Collection entries
[Start of Attachment]

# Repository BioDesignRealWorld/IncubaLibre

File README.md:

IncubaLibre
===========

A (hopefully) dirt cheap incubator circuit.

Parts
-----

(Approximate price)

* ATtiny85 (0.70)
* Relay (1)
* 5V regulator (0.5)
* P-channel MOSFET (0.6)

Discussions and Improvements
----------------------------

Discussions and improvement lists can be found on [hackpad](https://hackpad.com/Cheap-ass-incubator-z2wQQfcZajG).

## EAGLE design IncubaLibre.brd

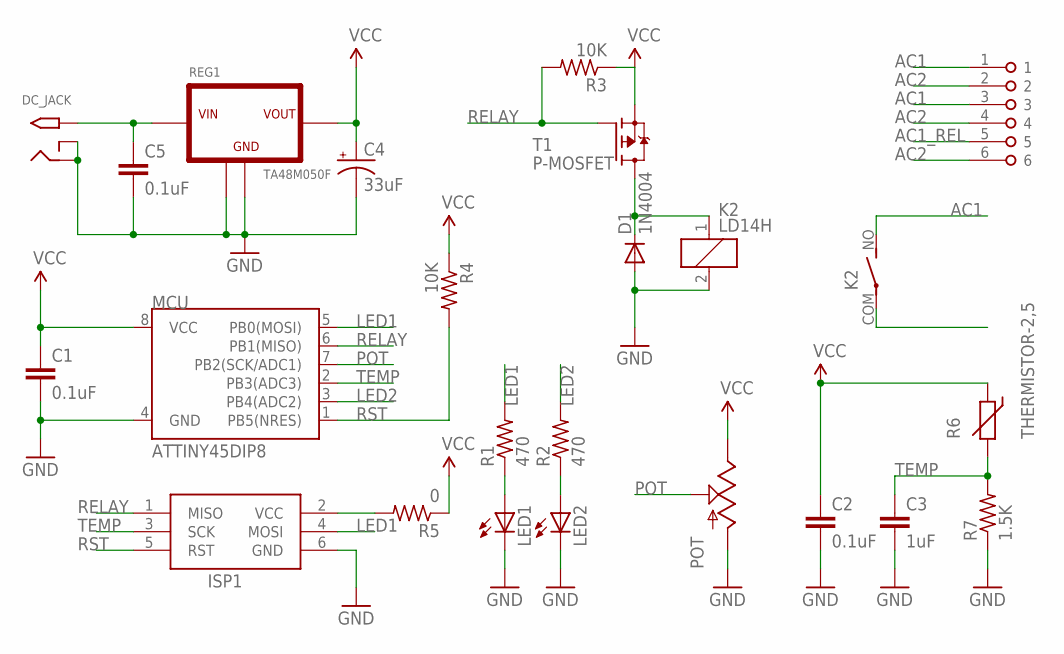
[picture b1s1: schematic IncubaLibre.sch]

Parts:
AC: TERMINAL-6; MBE-156
C1, C2, C5: 0.1uF; CAP-PTH-SMALL
C3: 1uF; CAP-PTH-SMALL
C4: 33uF; CPOL-RADIAL-10UF-25V
D1: 1N4004; DO41-10
DC_JACK: 2.1MMJACKTHM; PJ-102A
ISP1: AVRISP-6; AVRISP
K2: LD14H; LD
LED1, LED2: LED5MM
MCU: ATTINY45DIP8; DIP08
POT: POTTRIM; TRIM_POT
R1, R2: 470; 0204/7
R3, R4: 10K; 0204/7
R5: 0; 0204/7
R6: THERMISTOR-2,5; RS-2,5
R7: 1.5K; 0204/7
REG1: TA48M050F; TO-220
T1: P-MOSFET; TO92-

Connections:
AC1: AC.1, AC.3, K2.NO (S)
AC1_REL: AC.5, K2.COM
AC2: AC.2, AC.4, AC.6
GND: C1.2, C2.2, C3.2, C4.2 (-), C5.2, D1.A, DC_JACK.RING, DC_JACK.RING_SW, ISP1.6 (GND), K2.2, LED1.K (C), LED2.K (C), MCU.4 (GND), POT.3 (A), R7.1, REG1.CENTER (GND), REG1.THERMAL (GND)
LED1: ISP1.4 (MOSI), MCU.5 (PB0(MOSI)), R1.2
LED2: MCU.3 (PB4(ADC2)), R2.2
unnamed: ISP1.2 (VCC), R5.2
unnamed: LED1.A, R1.1
unnamed: LED2.A, R2.1
unnamed: C5.1, DC_JACK.TIP, REG1.LEFT (VIN)
POT: MCU.7 (PB2(SCK/ADC1)), POT.1 (S)
RELAY: ISP1.1 (MISO), MCU.6 (PB1(MISO)), R3.2, T1.2 (G)
RST: ISP1.5 (RST), MCU.1 (PB5(NRES)), R4.2
T1: D1.C, K2.1, T1.1 (D)
TEMP: C3.1, ISP1.3 (SCK), MCU.2 (PB3(ADC3)), R6.2, R7.2
VCC: C1.1, C2.1, C4.1 (+), MCU.8 (VCC), POT.2 (E), R3.1, R4.1, R5.1, R6.1, REG1.RIGHT (VOUT), T1.3 (S)

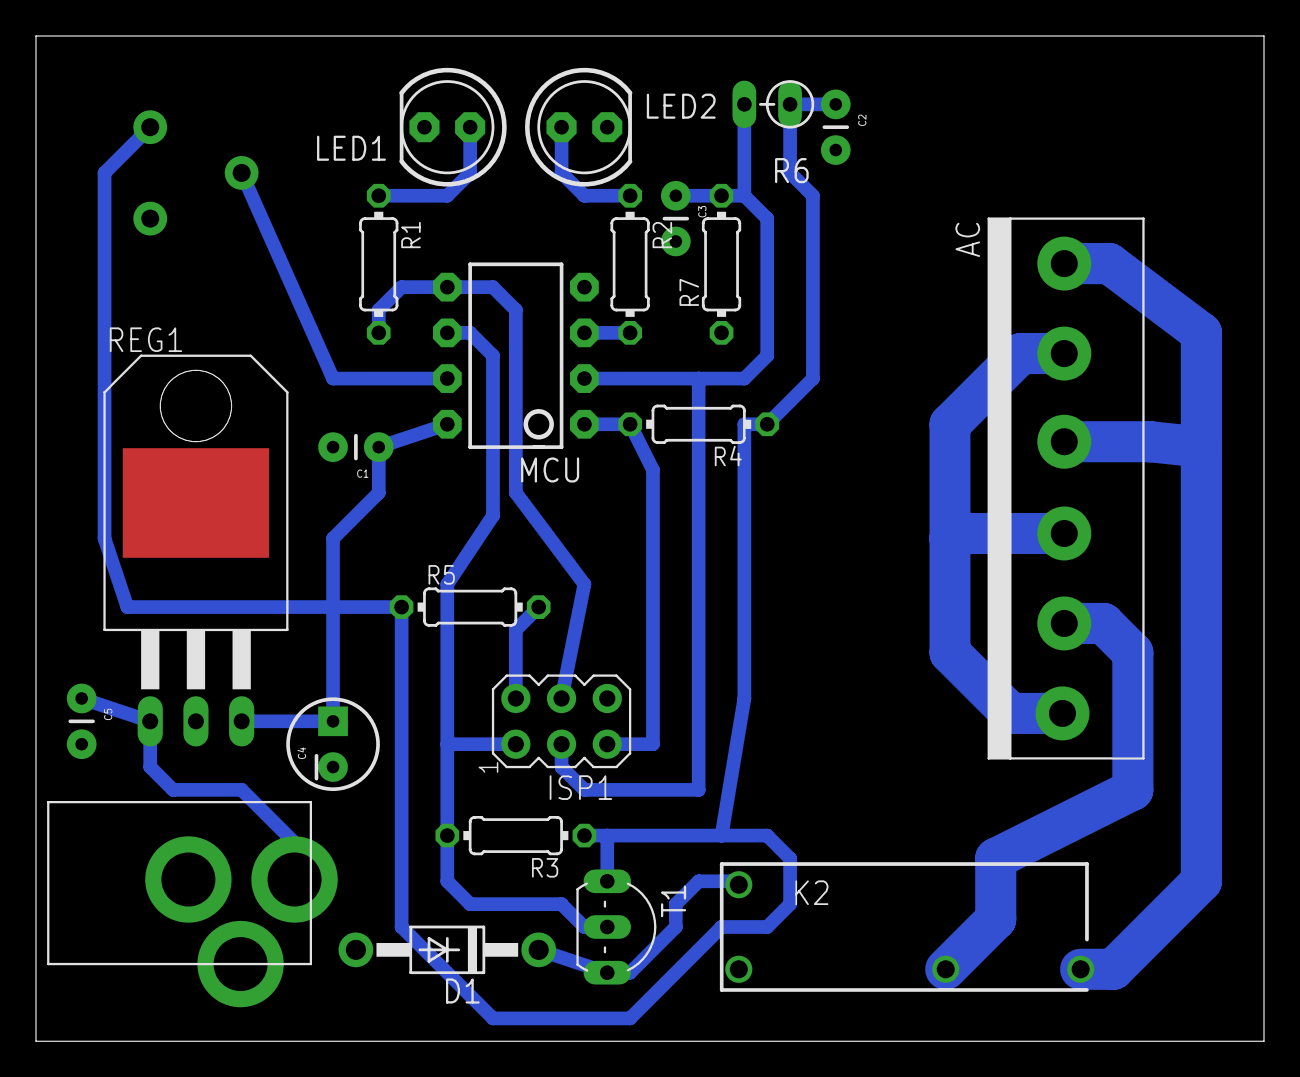
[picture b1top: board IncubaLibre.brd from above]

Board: 2 copper layers, 68.2 x 55.9 mm, 23 parts (0 on the bottom side), 16 nets.

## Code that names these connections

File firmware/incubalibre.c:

/*
* ----------------------------------------------------------------------------
* "THE BEER-WARE LICENSE" (Revision 42):
* <fakufaku@gmail.com> wrote this file. As long as you retain this notice you
* can do whatever you want with this stuff. If we meet some day, and you think
* this stuff is worth it, you can buy me a beer in return -- Robin Scheibler
* ----------------------------------------------------------------------------
*/

/*
 * IncubaLibre
 * ===========
 *
 * This is a cheap controller to regulate temperature in closed environment
 * using a consumer heating element such as a light bulb or a blow dryer.
 *
 * Control Loop Flow
 * -----------------
 *
 * The code uses TIMER1 as a slow PWM to switch a relay. 
 * The duty cycle of the relay is controlled by a PID loop.
 * The temperature is measured using a thermistor.
 *
 * The system clock of the ATtiny85 is left to the default 1MHz
 * and the prescaler of TIMER1 is set to clk/16834, which means
 * the loop period is ~4 seconds.
 *
 * Counter value ->
 * +---------------+------------------------------------------+
 * 0x0             OCR1A                                   0xFF
 * |               |                                          |
 * | Relay on      | Relay off (only when PWM on)             |
 * |               |                                          |
 * |               | On compare match interrupt               |
 * |               |   - measure trimpot                      |
 * |               |     - if trimpot != 0, start pwm         |
 * |               |     - else stop pwm                      |
 * |               |   - measure temperature                  |
 * |               |     - if incubator running recompute PID |
 * +---------------+------------------------------------------+
 *
 * Thermistor
 * ----------
 *
 * The thermistor was calibrated using a thermocouple and some hot water.
 * A look up table indexed on the ADC value is stored in the flash
 * memory.
 *
 */

#include <avr/io.h>
#include <avr/interrupt.h>
#include <avr/pgmspace.h>
#include <math.h>

// Allows to disable interrupt in some parts of the code
#define ENTER_CRIT()    {char volatile saved_sreg = SREG; cli()
#define LEAVE_CRIT()    SREG = saved_sreg;}

// Time interval is 1MHz/16384/256
#define TIME_INTERVAL 4.194304
#define TIME_INTERVAL_INV 0.2384186

// the state variable
#define PWM_ON 0
#define PWM_OFF 1
static uint8_t state = PWM_OFF;

// error when we consider set point is reached
#define TEMP_SET_ERROR 1.0

// measurements
uint8_t trimpot_val = 0;
float temperature_avg = 0.;
uint8_t temp_avg_n = 0;

// Temperature set point
float temperature_setPoints[4] = { 0.0, 37.5, 40.0, 45.0 };

// PID constants
float K_p = 10.;
float K_i = 0.5;
float K_d = 0.0;

// PID values
float error_previous = 0.;
float ITerm = 0.0;

// We limit PWM value to 4 from below to spare the relay
// and to 128 from above to avoid overheating of the incubator
#define PWM_MAX 200
#define PWM_MIN 6
uint8_t pwm_val = 0;

// Relay and LEDs macros
#define RELAY_ON()  PORTB &= ~(1 << PB1)
#define RELAY_OFF() PORTB |= (1 << PB1)
#define LED1_ON()   PORTB |= (1 << PB0)
#define LED1_OFF()  PORTB &= ~(1 << PB0)
#define LED2_ON()   PORTB |= (1 << PB4)
#define LED2_OFF()  PORTB &= ~(1 << PB4)

#define START_PWM_1A() TCCR1 |= (1 << PWM1A) | (1 << COM1A1) | (1 << COM1A0)
#define STOP_PWM_1A()  TCCR1 &= ~((1 << PWM1A) | (1 << COM1A1) | (1 << COM1A0))

// Look-up table of Thermistor values
const float therm_lut[] PROGMEM = { -66.89, -53.98, -47.36, -42.76, -39.19, -36.24, -33.71, -31.49, -29.51, -27.72, 
  -26.07, -24.55, -23.14, -21.81, -20.56, -19.37, -18.25, -17.17, -16.15, -15.17, 
  -14.22, -13.31, -12.43, -11.58, -10.76, -9.96, -9.18, -8.43, -7.69, -6.97, 
  -6.27, -5.59, -4.92, -4.26, -3.62, -2.99, -2.37, -1.77, -1.17, -0.59, 
  -0.01, 0.56, 1.12, 1.67, 2.21, 2.75, 3.27, 3.80, 4.31, 4.82, 
  5.32, 5.82, 6.31, 6.80, 7.28, 7.76, 8.23, 8.70, 9.16, 9.62, 
  10.08, 10.53, 10.98, 11.42, 11.86, 12.30, 12.74, 13.17, 13.60, 14.03, 
  14.45, 14.88, 15.30, 15.71, 16.13, 16.54, 16.95, 17.36, 17.77, 18.18, 
  18.58, 18.98, 19.38, 19.78, 20.18, 20.58, 20.98, 21.37, 21.76, 22.16, 
  22.55, 22.94, 23.33, 23.72, 24.11, 24.49, 24.88, 25.27, 25.65, 26.04, 
  26.42, 26.81, 27.19, 27.58, 27.96, 28.35, 28.73, 29.11, 29.50, 29.88, 
  30.26, 30.65, 31.03, 31.42, 31.80, 32.19, 32.57, 32.96, 33.34, 33.73, 
  34.12, 34.51, 34.89, 35.28, 35.67, 36.06, 36.46, 36.85, 37.24, 37.64, 
  38.03, 38.43, 38.83, 39.23, 39.63, 40.03, 40.44, 40.84, 41.25, 41.66, 
  42.07, 42.48, 42.89, 43.31, 43.72, 44.14, 44.56, 44.99, 45.41, 45.84, 
  46.27, 46.70, 47.14, 47.57, 48.01, 48.46, 48.90, 49.35, 49.80, 50.26, 
  50.71, 51.17, 51.64, 52.11, 52.58, 53.05, 53.53, 54.01, 54.50, 54.99, 
  55.49, 55.99, 56.49, 57.00, 57.51, 58.03, 58.55, 59.08, 59.62, 60.16, 
  60.70, 61.26, 61.82, 62.38, 62.95, 63.53, 64.12, 64.71, 65.31, 65.92, 
  66.54, 67.16, 67.79, 68.44, 69.09, 69.75, 70.43, 71.11, 71.80, 72.51, 
  73.23, 73.96, 74.70, 75.46, 76.23, 77.02, 77.82, 78.64, 79.47, 80.32, 
  81.20, 82.09, 83.00, 83.93, 84.89, 85.87, 86.87, 87.90, 88.96, 90.06, 
  91.18, 92.34, 93.53, 94.76, 96.04, 97.35, 98.72, 100.14, 101.61, 103.14, 
  104.74, 106.41, 108.16, 110.00, 111.92, 113.95, 116.10, 118.38, 120.80, 123.39, 
  126.16, 129.15, 132.39, 135.93, 139.81, 144.12, 148.94, 154.41, 160.71, 168.12, 
  177.05, 188.24, 202.99, 224.20, 260.13, 630.92 };

void measure_temperature()
{
  /* Measure Temperature */

  // select ADC3 single-ended channel
  // Left adjust to have 8 upper bits in the upper register
  ADMUX = (1 << MUX1) | (1 << MUX0) | (1 << ADLAR);

  // start conversion
  ADCSRA |= (1 << ADSC);

  // wait for conversion to finish
  while (ADCSRA & (1 << ADSC))
    ;

  // We only use the 8 upper bit of the ADC value
  // for the temperature
  uint8_t high = ADCH;

  // average the temperature measurement
  temperature_avg = pgm_read_float(&(therm_lut[high]));
  //temperature_avg = 0.8*temperature_avg + 0.2*pgm_read_float(&(therm_lut[high]));
}

void measure_trimpot()
{
  /* Measure the trimpot value */
  
  // select ADC1 single-ended channel
  // Left adjust to have 8 upper bits in the upper register
  ADMUX = (1 << MUX0) | (1 << ADLAR);

  // start conversion
  ADCSRA |= (1 << ADSC);

  // wait for conversion to finish
  while (ADCSRA & (1 << ADSC))
    ;

  // We only use few upper bit of the ADC value
  // for the trimpot value
  uint8_t high = ADCH;
  trimpot_val = high >> 6;
}

void PID_compute()
{
  /*Compute all the working error variables*/
  float error = 37.5 - temperature_avg;

  // turn the LED2 on if we are close to set temperature
  if (fabs(error) < TEMP_SET_ERROR)
    LED2_ON();
  else
    LED2_OFF();

  // integral term (using trapeze method)
  ITerm += (K_i * TIME_INTERVAL * (error + error_previous)*0.5);
  if (ITerm > PWM_MAX) 
    ITerm = PWM_MAX;
  else if (ITerm < PWM_MIN) 
  {
    ITerm = PWM_MIN;
  }

  // differential term
  float dInput = (error - error_previous) * TIME_INTERVAL_INV;

  /*Compute PID Output*/
  float output = K_p * error + ITerm + K_d * dInput;

  // set PWM value
  if (output > PWM_MAX)
    pwm_val = PWM_MAX;
  else if (output < PWM_MIN) 
    pwm_val = 0.;
  else
    pwm_val = (uint8_t)output;

  /*Remember some variables for next time*/
  error_previous = error;
}

// Here we turn the relay off
SIGNAL(TIMER1_COMPA_vect)
{
  measure_trimpot();
  measure_temperature();
  
  if (trimpot_val > 0)
  {
    if (state == PWM_OFF)
    {
      START_PWM_1A();
      state = PWM_ON;

      LED1_ON();
    }

    // do the PID magic
    PID_compute();
  }
  else
  {
    if (state == PWM_ON)
    {
      STOP_PWM_1A();
      state = PWM_OFF;

      RELAY_OFF();

      LED1_OFF();
      pwm_val = 0;
      ITerm = 0.0;
      error_previous = 0.0;
    }
  }
}

// The timer overflow interrupt routine
SIGNAL(TIMER1_OVF_vect)
{
  // set pwm duty cycle to value computed by PID
  OCR1A = pwm_val;
}

int main()
{
  int i;

  // enable interrupts
  sei();

  // ADC setting, enabled, prescaled clk/16
  ADCSRA = (1 << ADEN) | (1 << ADPS2);

  // set up timer 1 as system clock
  TCNT1 = 0x0;            // counter at zero
  TIMSK |= (1 << TOIE1) | (1 << OCIE1A);   // set the overflow interrupt
  TCCR1 = (1 << CS13) | (1 << CS12) | (1 << CS11) | (1 << CS10); // T1 clock to clk/16384

  // configure PB1 to switch relay
  // configure PB0 and PB4 for the two LEDs
  DDRB = (1 << PB1) | (1 << PB0) | (1 << PB4);
  RELAY_OFF();
  LED1_OFF();
  LED2_OFF();

  // The infinite loop
  while (1)
  {

  }

}

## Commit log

2014-04-25 Added README and rough part cost of most expensive components.
2014-08-20 Initial buggy firmware code.
2014-08-25 Added thermistor calibration script.
2014-08-25 Removed old python script. Renamed most recent calibration data file.
2014-08-27 Temperature measurement now working correctly. PID seems to work more or less. Still buggy.
2014-09-04 Cleaned and debugged incubalibre.c. Now the incubator seems to be working (from the software pov).
2014-09-04 Added gitignore file.

[End of Attachment]

# [What you will do]
Word for word, give again the lines from the first entry to the line with "K2: LD14H; LD", inclusive. Exclude the pictures.

# [Solution to the exercise]
# Repository BioDesignRealWorld/IncubaLibre

File README.md:

IncubaLibre
===========

A (hopefully) dirt cheap incubator circuit.

Parts
-----

(Approximate price)

* ATtiny85 (0.70)
* Relay (1)
* 5V regulator (0.5)
* P-channel MOSFET (0.6)

Discussions and Improvements
----------------------------

Discussions and improvement lists can be found on [hackpad](https://hackpad.com/Cheap-ass-incubator-z2wQQfcZajG).

## EAGLE design IncubaLibre.brd

[picture b1s1: schematic IncubaLibre.sch]

Parts:
AC: TERMINAL-6; MBE-156
C1, C2, C5: 0.1uF; CAP-PTH-SMALL
C3: 1uF; CAP-PTH-SMALL
C4: 33uF; CPOL-RADIAL-10UF-25V
D1: 1N4004; DO41-10
DC_JACK: 2.1MMJACKTHM; PJ-102A
ISP1: AVRISP-6; AVRISP
K2: LD14H; LD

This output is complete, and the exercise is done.